Under the Mines Act, 1923, the Mines and Minerals Development Department, the Balochistan branch of the Mines Labor Welfare Organization is responsible for the health, education and welfare of mine workers and their children. However, according to the Human Rights Commission of Pakistan, the health care at the site is nominal. The hospital’s outpatient department sees 70 to 80 patients daily, of which half are children.
Speaking to The Third Poll, Duki Coalfield Mines Inspector Sabir Shah says that under the Coal Mines Regulations 1926 and the Mines Act 1923, a child below the age of 18 cannot work as a labourer in a mining area even if he Is it underground work, surface work or coal lifting work.

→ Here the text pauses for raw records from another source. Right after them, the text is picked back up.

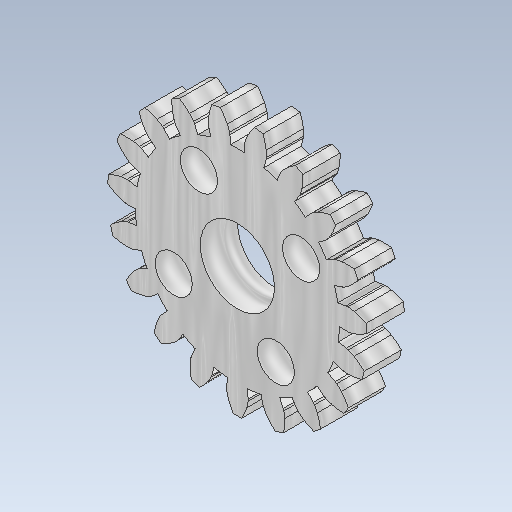
# Autodesk Inventor part: m1歯数19ギアネジ切3td5.98
Saved by Autodesk Inventor 2020.2 (Build 242310000, 310)
## iProperties
Created: 2020-02-29
Part Number: m1歯数19ギアネジ切3td5.98
Material: アルミニウム 7075
Document SubType Name: Modeling
Designer: aoyam
Density: 2.81 g/cm^3
Appearance: サテン - ブラシ仕上げ 重厚
Author: aoyam
Autodesk Inventor part; units mm, degrees
ref_plane "YZ Plane" through (0, 0, 0) normal (1, 0, 0) x (0, 1, 0)
ref_plane "XZ Plane" through (0, 0, 0) normal (0, 1, 0) x (-1, 0, 0)
ref_plane "XY Plane" through (0, 0, 0) normal (0, 0, 1) x (1, 0, 0)
sketch "スケッチ1" plane through (0, 0, 0) normal (0, 0, 1) x (1, 0, 0)
  arc A0 (2.202, 9.4851) -> (2.1723, 9.3327) centre (3.0999, 9.2311) ccw
  arc A1 (2.3854, 9.9626) -> (2.202, 9.4851) centre (4.6851, 8.8056) ccw
  arc A2 (2.953, 10.829) -> (2.3854, 9.9626) centre (6.3936, 7.9557) ccw
  arc A3 (0.9673, 9.3327) -> (0.9376, 9.4851) centre (0.0398, 9.2311) ccw
  arc A4 (0.9376, 9.4851) -> (0.7543, 9.9626) centre (-1.5454, 8.8056) ccw
  arc A5 (0.7543, 9.9626) -> (0.1867, 10.829) centre (-3.2539, 7.9557) ccw
  arc A6 (2.1266, 8.6594) -> (1.013, 8.6594) centre (1.5698, 0.4558) ccw
  arc A7 (0.1867, 10.829) -> (-0.4901, 10.716) centre (1.5698, 0.4558) ccw
  line L0 (2.1266, 8.6594) -> (2.1723, 9.3327)
  line L1 (1.013, 8.6594) -> (0.9673, 9.3327)
  line L2 (-1.6205, 8.0341) -> (-1.8823, 8.6561)
  arc A8 (-1.8823, 8.6561) -> (-1.9599, 8.7906) centre (-2.7267, 8.2588) ccw
  arc A9 (-1.9599, 8.7906) -> (-2.2884, 9.1827) centre (-4.0878, 7.3416) ccw
  arc A10 (-2.2884, 9.1827) -> (-3.1065, 9.8178) centre (-5.4278, 5.983) ccw
  arc A11 (-3.1065, 9.8178) -> (-3.71, 9.4912) centre (1.5698, 0.4558) ccw
  arc A12 (-0.764, 9.2012) -> (-0.7426, 9.0473) centre (0.1677, 9.2524) ccw
  arc A13 (-0.5672, 8.3957) -> (-1.6205, 8.0341) centre (1.5698, 0.4558) ccw
  line L3 (-0.5672, 8.3957) -> (-0.7426, 9.0473)
  arc A14 (-0.7457, 9.7123) -> (-0.764, 9.2012) centre (1.8051, 9.3647) ccw
  arc A15 (-0.4901, 10.716) -> (-0.7457, 9.7123) centre (3.697, 9.1156) ccw
  line L4 (-3.9083, 6.5876) -> (-4.3579, 7.0908)
  arc A16 (-4.3579, 7.0908) -> (-4.475, 7.1929) centre (-5.0275, 6.4409) ccw
  arc A17 (-4.475, 7.1929) -> (-4.9129, 7.4571) centre (-6.0171, 5.1315) ccw
  arc A18 (-4.9129, 7.4571) -> (-5.893, 7.7921) centre (-6.8433, 3.4114) ccw
  arc A19 (-5.893, 7.7921) -> (-6.3577, 7.2873) centre (1.5698, 0.4558) ccw
  arc A20 (-3.4772, 7.9695) -> (-3.407, 7.8309) centre (-2.6126, 8.3205) ccw
  arc A21 (-3.0295, 7.2716) -> (-3.9083, 6.5876) centre (1.5698, 0.4558) ccw
  line L5 (-3.0295, 7.2716) -> (-3.407, 7.8309)
  arc A22 (-3.6258, 8.4589) -> (-3.4772, 7.9695) centre (-1.1003, 8.9584) ccw
  arc A23 (-3.71, 9.4912) -> (-3.6258, 8.4589) centre (0.7699, 9.337) ccw
  line L6 (-5.6025, 4.4766) -> (-6.1911, 4.8066)
  arc A24 (-6.1911, 4.8066) -> (-6.335, 4.8651) centre (-6.6134, 3.9745) ccw
  arc A25 (-6.335, 4.8651) -> (-6.835, 4.9728) centre (-7.1242, 2.4147) ccw
  arc A26 (-6.835, 4.9728) -> (-7.8708, 4.9714) centre (-7.3472, 0.5195) ccw
  arc A27 (-7.8708, 4.9714) -> (-8.1464, 4.3431) centre (1.5698, 0.4558) ccw
  arc A28 (-5.6434, 5.9236) -> (-5.5321, 5.8154) centre (-4.9397, 6.5363) ccw
  arc A29 (-4.9934, 5.4089) -> (-5.6025, 4.4766) centre (1.5698, 0.4558) ccw
  line L7 (-4.9934, 5.4089) -> (-5.5321, 5.8154)
  arc A30 (-5.9429, 6.3382) -> (-5.6434, 5.9236) centre (-3.7165, 7.6307) ccw
  arc A31 (-6.3577, 7.2873) -> (-5.9429, 6.3382) centre (-2.0705, 8.5961) ccw
  line L8 (-6.5194, 1.9299) -> (-7.1833, 2.0508)
  arc A32 (-7.1833, 2.0508) -> (-7.3384, 2.0595) centre (-7.3126, 1.1267) ccw
  arc A33 (-7.3384, 2.0595) -> (-7.8463, 1.999) centre (-7.2892, -0.5144) ccw
  arc A34 (-7.8463, 1.999) -> (-8.8255, 1.6614) centre (-6.8847, -2.3793) ccw
  arc A35 (-8.8255, 1.6614) -> (-8.8821, 0.9776) centre (1.5698, 0.4558) ccw
  arc A36 (-7.028, 3.2852) -> (-6.8875, 3.219) centre (-6.5613, 4.0932) ccw
  arc A37 (-6.2461, 3.0094) -> (-6.5194, 1.9299) centre (1.5698, 0.4558) ccw
  line L9 (-6.2461, 3.0094) -> (-6.8875, 3.219)
  arc A38 (-7.4459, 3.5801) -> (-7.028, 3.2852) centre (-5.7597, 5.5255) ccw
  arc A39 (-8.1464, 4.3431) -> (-7.4459, 3.5801) centre (-4.5164, 6.973) ccw
  line L10 (-6.5598, -0.7766) -> (-7.227, -0.8777)
  arc A40 (-7.227, -0.8777) -> (-7.3765, -0.9199) centre (-7.0491, -1.7937) ccw
  arc A41 (-7.3765, -0.9199) -> (-7.8372, -1.1421) centre (-6.4942, -3.3384) ccw
  arc A42 (-7.8372, -1.1421) -> (-8.6537, -1.7793) centre (-5.5061, -4.9709) ccw
  arc A43 (-8.6537, -1.7793) -> (-8.4853, -2.4444) centre (1.5698, 0.4558) ccw
  arc A44 (-7.4809, 0.3402) -> (-7.3265, 0.3232) centre (-7.3019, 1.2559) ccw
  arc A45 (-6.6517, 0.3332) -> (-6.5598, -0.7766) centre (1.5698, 0.4558) ccw
  line L11 (-6.6517, 0.3332) -> (-7.3265, 0.3232)
  arc A46 (-7.9719, 0.4835) -> (-7.4809, 0.3402) centre (-7.0087, 2.8709) ccw
  arc A47 (-8.8821, 0.9776) -> (-7.9719, 0.4835) centre (-6.3028, 4.6437) ccw
  line L12 (-5.7192, -3.3495) -> (-6.3174, -3.6618)
  arc A48 (-6.3174, -3.6618) -> (-6.445, -3.7502) centre (-5.8517, -4.4704) ccw
  arc A49 (-6.445, -3.7502) -> (-6.8087, -4.1099) centre (-4.8253, -5.7512) ccw
  arc A50 (-6.8087, -4.1099) -> (-7.374, -4.9778) centre (-3.3607, -6.9744) ccw
  arc A51 (-7.374, -4.9778) -> (-6.9988, -5.5522) centre (1.5698, 0.4558) ccw
  arc A52 (-6.953, -2.5923) -> (-6.8014, -2.5583) centre (-7.081, -1.6681) ccw
  arc A53 (-6.1665, -2.3297) -> (-5.7192, -3.3495) centre (1.5698, 0.4558) ccw
  line L13 (-6.1665, -2.3297) -> (-6.8014, -2.5583)
  arc A54 (-7.4639, -2.6162) -> (-6.953, -2.5923) centre (-7.3281, -0.0455) ccw
  arc A55 (-8.4853, -2.4444) -> (-7.4639, -2.6162) centre (-7.236, 1.8605) ccw
  line L14 (-4.0886, -5.5101) -> (-4.553, -5.9997)
  arc A56 (-4.553, -5.9997) -> (-4.6451, -6.1248) centre (-3.8501, -6.6133) ccw
  arc A57 (-4.6451, -6.1248) -> (-4.8722, -6.5831) centre (-2.4634, -7.4914) ccw
  arc A58 (-4.8722, -6.5831) -> (-5.1252, -7.5874) centre (-0.681, -8.1727) ccw
  arc A59 (-5.1252, -7.5874) -> (-4.5837, -8.0089) centre (1.5698, 0.4558) ccw
  arc A60 (-5.5015, -5.1945) -> (-5.3692, -5.1131) centre (-5.9227, -4.3619) ccw
  arc A61 (-4.8429, -4.6907) -> (-4.0886, -5.5101) centre (1.5698, 0.4558) ccw
  line L15 (-4.8429, -4.6907) -> (-5.3692, -5.1131)
  arc A62 (-5.9769, -5.383) -> (-5.5015, -5.1945) centre (-6.6832, -2.9075) ccw
  arc A63 (-6.9988, -5.5522) -> (-5.9769, -5.383) centre (-7.2151, -1.0748) ccw
  line L16 (-1.845, -7.0241) -> (-2.1252, -7.638)
  arc A64 (-2.1252, -7.638) -> (-2.1717, -7.7862) centre (-1.2611, -7.9901) ccw
  arc A65 (-2.1717, -7.7862) -> (-2.2377, -8.2934) centre (0.3356, -8.3704) ccw
  arc A66 (-2.2377, -8.2934) -> (-2.1508, -9.3255) centre (2.2426, -8.4361) ccw
  arc A67 (-2.1508, -9.3255) -> (-1.5018, -9.5483) centre (1.5698, 0.4558) ccw
  arc A68 (-3.2837, -7.1844) -> (-3.185, -7.0645) centre (-3.9524, -6.5337) ccw
  arc A69 (-2.8243, -6.4941) -> (-1.845, -7.0241) centre (1.5698, 0.4558) ccw
  line L17 (-2.8243, -6.4941) -> (-3.185, -7.0645)
  arc A70 (-3.6722, -7.5171) -> (-3.2837, -7.1844) centre (-5.144, -5.405) ccw
  arc A71 (-4.5837, -8.0089) -> (-3.6722, -7.5171) centre (-6.2421, -3.8444) ccw
  line L18 (0.7688, -7.7276) -> (0.703, -8.3992)
  arc A72 (0.703, -8.3992) -> (0.7072, -8.5545) centre (1.6347, -8.4517) ccw
  arc A73 (0.7072, -8.5545) -> (0.8095, -9.0556) centre (3.2683, -8.2929) ccw
  arc A74 (0.8095, -9.0556) -> (1.2268, -10.0036) centre (5.0934, -7.7358) ccw
  arc A75 (1.2268, -10.0036) -> (1.9129, -10.0036) centre (1.5698, 0.4558) ccw
  arc A76 (-0.5399, -8.3464) -> (-0.4855, -8.2009) centre (-1.3837, -7.948) ccw
  arc A77 (-0.3296, -7.5443) -> (0.7688, -7.7276) centre (1.5698, 0.4558) ccw
  line L19 (-0.3296, -7.5443) -> (-0.4855, -8.2009)
  arc A78 (-0.7994, -8.7872) -> (-0.5399, -8.3464) centre (-2.8773, -7.2674) ccw
  arc A79 (-1.5018, -9.5483) -> (-0.7994, -8.7872) centre (-4.4226, -6.1479) ccw
  line L20 (3.4693, -7.5443) -> (3.6252, -8.2009)
  arc A80 (3.6252, -8.2009) -> (3.6796, -8.3464) centre (4.5234, -7.948) ccw
  arc A81 (3.6796, -8.3464) -> (3.939, -8.7872) centre (6.0169, -7.2674) ccw
  arc A82 (3.939, -8.7872) -> (4.6415, -9.5483) centre (7.5622, -6.1479) ccw
  arc A83 (4.6415, -9.5483) -> (5.2905, -9.3255) centre (1.5698, 0.4558) ccw
  arc A84 (2.4324, -8.5545) -> (2.4366, -8.3992) centre (1.505, -8.4517) ccw
  arc A85 (2.3709, -7.7276) -> (3.4693, -7.5443) centre (1.5698, 0.4558) ccw
  line L21 (2.3709, -7.7276) -> (2.4366, -8.3992)
  arc A86 (2.3302, -9.0556) -> (2.4324, -8.5545) centre (-0.1286, -8.2929) ccw
  arc A87 (1.9129, -10.0036) -> (2.3302, -9.0556) centre (-1.9537, -7.7358) ccw
  line L22 (5.964, -6.4941) -> (6.3247, -7.0645)
  arc A88 (6.3247, -7.0645) -> (6.4233, -7.1844) centre (7.0921, -6.5337) ccw
  arc A89 (6.4233, -7.1844) -> (6.8118, -7.5171) centre (8.2837, -5.405) ccw
  arc A90 (6.8118, -7.5171) -> (7.7234, -8.0089) centre (9.3818, -3.8444) ccw
  arc A91 (7.7234, -8.0089) -> (8.2649, -7.5874) centre (1.5698, 0.4558) ccw
  arc A92 (5.3113, -7.7862) -> (5.2649, -7.638) centre (4.4008, -7.9901) ccw
  arc A93 (4.9846, -7.0241) -> (5.964, -6.4941) centre (1.5698, 0.4558) ccw
  line L23 (4.9846, -7.0241) -> (5.2649, -7.638)
  arc A94 (5.3773, -8.2934) -> (5.3113, -7.7862) centre (2.8041, -8.3704) ccw
  arc A95 (5.2905, -9.3255) -> (5.3773, -8.2934) centre (0.897, -8.4361) ccw
  line L24 (7.9826, -4.6907) -> (8.5089, -5.1131)
  arc A96 (8.5089, -5.1131) -> (8.6411, -5.1945) centre (9.0623, -4.3619) ccw
  arc A97 (8.6411, -5.1945) -> (9.1166, -5.383) centre (9.8229, -2.9075) ccw
  arc A98 (9.1166, -5.383) -> (10.1384, -5.5522) centre (10.3547, -1.0748) ccw
  arc A99 (10.1384, -5.5522) -> (10.5137, -4.9778) centre (1.5698, 0.4558) ccw
  arc A100 (7.7848, -6.1248) -> (7.6927, -5.9997) centre (6.9898, -6.6133) ccw
  arc A101 (7.2283, -5.5101) -> (7.9826, -4.6907) centre (1.5698, 0.4558) ccw
  line L25 (7.2283, -5.5101) -> (7.6927, -5.9997)
  arc A102 (8.0119, -6.5831) -> (7.7848, -6.1248) centre (5.6031, -7.4914) ccw
  arc A103 (8.2649, -7.5874) -> (8.0119, -6.5831) centre (3.8207, -8.1727) ccw
  line L26 (9.3062, -2.3297) -> (9.9411, -2.5583)
  arc A104 (9.9411, -2.5583) -> (10.0926, -2.5923) centre (10.2207, -1.6681) ccw
  arc A105 (10.0926, -2.5923) -> (10.6035, -2.6162) centre (10.4678, -0.0455) ccw
  arc A106 (10.6035, -2.6162) -> (11.6249, -2.4444) centre (10.3757, 1.8605) ccw
  arc A107 (11.6249, -2.4444) -> (11.7934, -1.7793) centre (1.5698, 0.4558) ccw
  arc A108 (9.5847, -3.7502) -> (9.457, -3.6618) centre (8.9914, -4.4704) ccw
  arc A109 (8.8588, -3.3495) -> (9.3062, -2.3297) centre (1.5698, 0.4558) ccw
  line L27 (8.8588, -3.3495) -> (9.457, -3.6618)
  arc A110 (9.9483, -4.1099) -> (9.5847, -3.7502) centre (7.965, -5.7512) ccw
  arc A111 (10.5137, -4.9778) -> (9.9483, -4.1099) centre (6.5004, -6.9744) ccw
  line L28 (9.7914, 0.3332) -> (10.4662, 0.3232)
  arc A112 (10.4662, 0.3232) -> (10.6206, 0.3402) centre (10.4415, 1.2559) ccw
  arc A113 (10.6206, 0.3402) -> (11.1115, 0.4835) centre (10.1484, 2.8709) ccw
  arc A114 (11.1115, 0.4835) -> (12.0218, 0.9776) centre (9.4425, 4.6437) ccw
  arc A115 (12.0218, 0.9776) -> (11.9652, 1.6614) centre (1.5698, 0.4558) ccw
  arc A116 (10.5162, -0.9199) -> (10.3667, -0.8777) centre (10.1888, -1.7937) ccw
  arc A117 (9.6995, -0.7766) -> (9.7914, 0.3332) centre (1.5698, 0.4558) ccw
  line L29 (9.6995, -0.7766) -> (10.3667, -0.8777)
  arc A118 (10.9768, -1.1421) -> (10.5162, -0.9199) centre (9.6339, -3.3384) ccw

“If someone is caught violating the Act, after investigation, a Mines Inspector registers a case and submits it to the office of the Judicial Magistrate through the Chief Mines Inspector, where he is fined according to law,” says Shah.
Shah said that the Labor Wing of the Mines Department has ensured health facilities in all mining areas where the chest ailments of the coal mine workers, their family members and children are treated.
However, the locals associate it with a different reality. “We live in an area that is surrounded by coal mines. There is black smoke because people burn coal in their homes for cooking and heating. Most of the children in our village are affected, as is my son,” said Mohammad Arif, who runs a tire repair shop in Doki. He further said that the labourers living here can neither afford the cost of rented houses in the city nor their sick children in Quetta.
Muhammad Azeem, a doctor and the facilitator of the directly observed treatment, short-course (DOTS) tuberculosis (TB) control programme in Duki, says most coal miners suffer from TB, which spreads to other family members as it is a bacterial infection. Children brought up in coal dust are exposed to pollution and have more respiratory symptoms compared with children in other areas of the district. “Most of the patients are minors. Poverty, poor hygienic living conditions and little access to health facilities are contributing factors for the spread of TB in the area,” Azeem explains.
“Globally, the incidence of TB in coal miners is 10 times higher than in the general population,” says Ahmad Wali, another doctor and an official at the provincial TB control programme in Quetta. “The high concentration of coal dust in Balochistan’s coalfields as a result of an ineffective and unmonitored application of environmental laws and the lack of protective measures adopted by coal miners and mine owners make it even worse.” The TB control programme for Balochistan has a care facility in DHQ Hospital Duki, but the number of those in need of treatment far exceeds the facilities available, Wali says.
“Seventy to eighty patients are being examined on a daily basis at the hospital’s outpatient department; half of them are children,” Azeem confirms. “Thirty out of fourty children are usually suffering from chest infections, asthma and allergies.”
International Union for Conservation of Nature (IUCN) Program Head in Karachi Danish Rashidi says that although Pakistan is one of the signatories of the Paris Climate Agreement, which aims to limit global warming. Despite being a signatory, coal mining is likely to continue in Pakistan for some time. “Coal-fired power plants are very popular in Pakistan given our huge energy needs. For the time being, it seems that our dependence on coal power plants will continue until the Kahnji sector takes steps to offset carbon. And it doesn’t begin to offset the impacts of coal and move toward a clean energy future.”